Formalizing this in terms of probabilities, we operate over the space $\Omega$ of all possible sphere paintings. We know that if we randomly placed a vertex $i$, the chance of it being red is $\mathbb{P}(R_i) = 0.9$ and similarly $\mathbb{P}(B_i) = 0.1$. Thus we can state our problem as: $$ \begin{align} \mathbb{P}\left(\bigcap^8_{i=1} R_i \right) &= 1 - \mathbb{P}\left(\bigcup^8_{i=1} B_i \right) \\ &\geq 1- \sum_{i=1}^8 \mathbb{P}(B_i) \\ &= 1 - 8 \cdot 0.1 \\ &= 0.2 \\ &\neq 0 \iff \bigcap^8_{i=1} R_i \in \Omega \end{align} $$ In other words, we showed that some event (with the property of having all 8 vertices be red) is non-zero. This works because to show that some specific element $\omega \in \Omega$, it is sufficient to show that there exists a probability distribution $p$ over $\Omega$ where $p(\omega) > 0$. This follows from the fact that if $\omega \not\in \Omega$ then $p(\omega) = p(\varnothing) = 0$. This proof technique is called The Probabilistic Method and is notably non-constructive: given the sphere's blue coloring, it does not show how to orient a cube, rather, it shows that there exists some orientation regardless of the exact blue locations (as opposed to a constructive proof, i.e. this hat puzzle where events 10 events of 10% likelihood are constructed in such a way to ensure mutually exclusivity, implying a zero chance of all events not occurring. .)

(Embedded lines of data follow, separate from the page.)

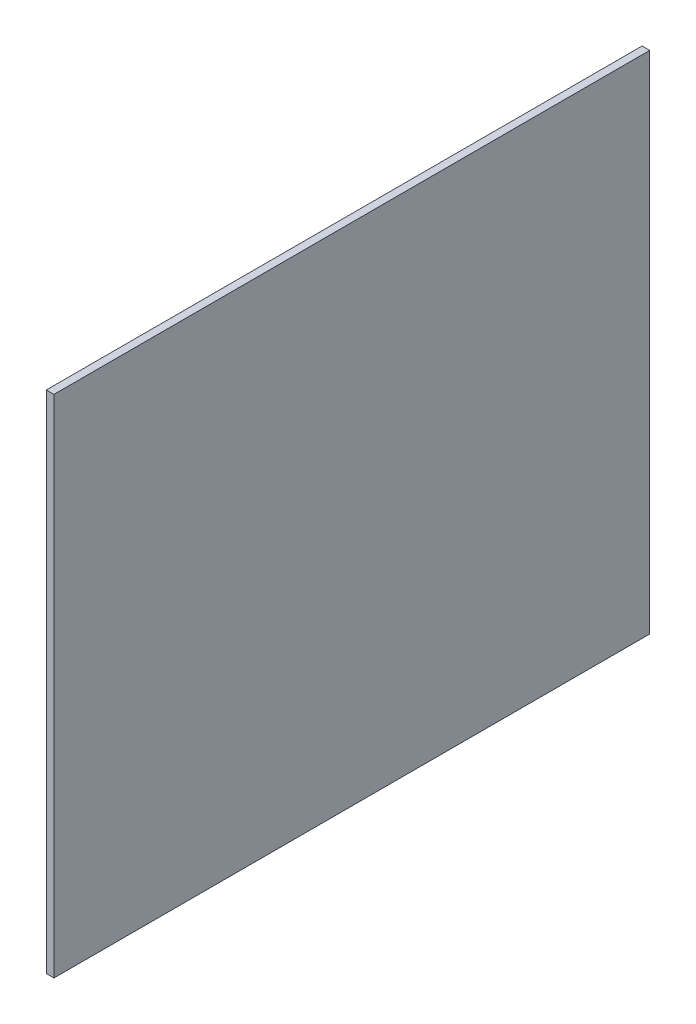
SolidWorks part; units mm, degrees
ref_plane "Front Plane" through (0, 0, 0) normal (0, 0, 1) x (1, 0, 0)
ref_plane "Top Plane" through (0, 0, 0) normal (0, 1, 0) x (1, 0, 0)
ref_plane "Right Plane" through (0, 0, 0) normal (1, 0, 0) x (0, 0, -1)
sketch "Sketch2" plane through (0, 0, 0) normal (1, 0, 0) x (0, 0, -1)
  line L1 (-61.976, -52.578) -> (61.976, -52.578)
  line L2 (-61.976, -52.578) -> (-61.976, 52.578)
  line L3 (-61.976, 52.578) -> (61.976, 52.578)
  line L4 (61.976, -52.578) -> (61.976, 52.578)
  line L5 (-61.976, -52.578) -> (61.976, 52.578) construction
  line L6 (-61.976, 52.578) -> (61.976, -52.578) construction
  point P0 (0, 0)
  dimension "D1" = 105.156
  dimension "D2" = 123.952
extrude "Boss-Extrude1" add sketch "Sketch2" along normal blind 1.5875

Talking around, Aidan (cowboy hat) came up with another proof. Essentially, each of the eight points correspond to an octant with $100/8 = 12.5\%$ surface area. And as any $c\%$ is painted in any single octant, the other seven will be similarly constrained: there will be a corresponding $c\%$ 'implicitly painted' in all others such that placing a vertex in this area will result in at least one other vertex to be blue. Thus we can view the problem as an issue of covering an octant's $12.5\%$ surface area given $10\%$ blue -- impossible! The proof is a tad handwavy, but gives a sense of how we could collapse the octants to reveal the (minimally $2.5\%$) remaining red area and thus construct a valid orientation.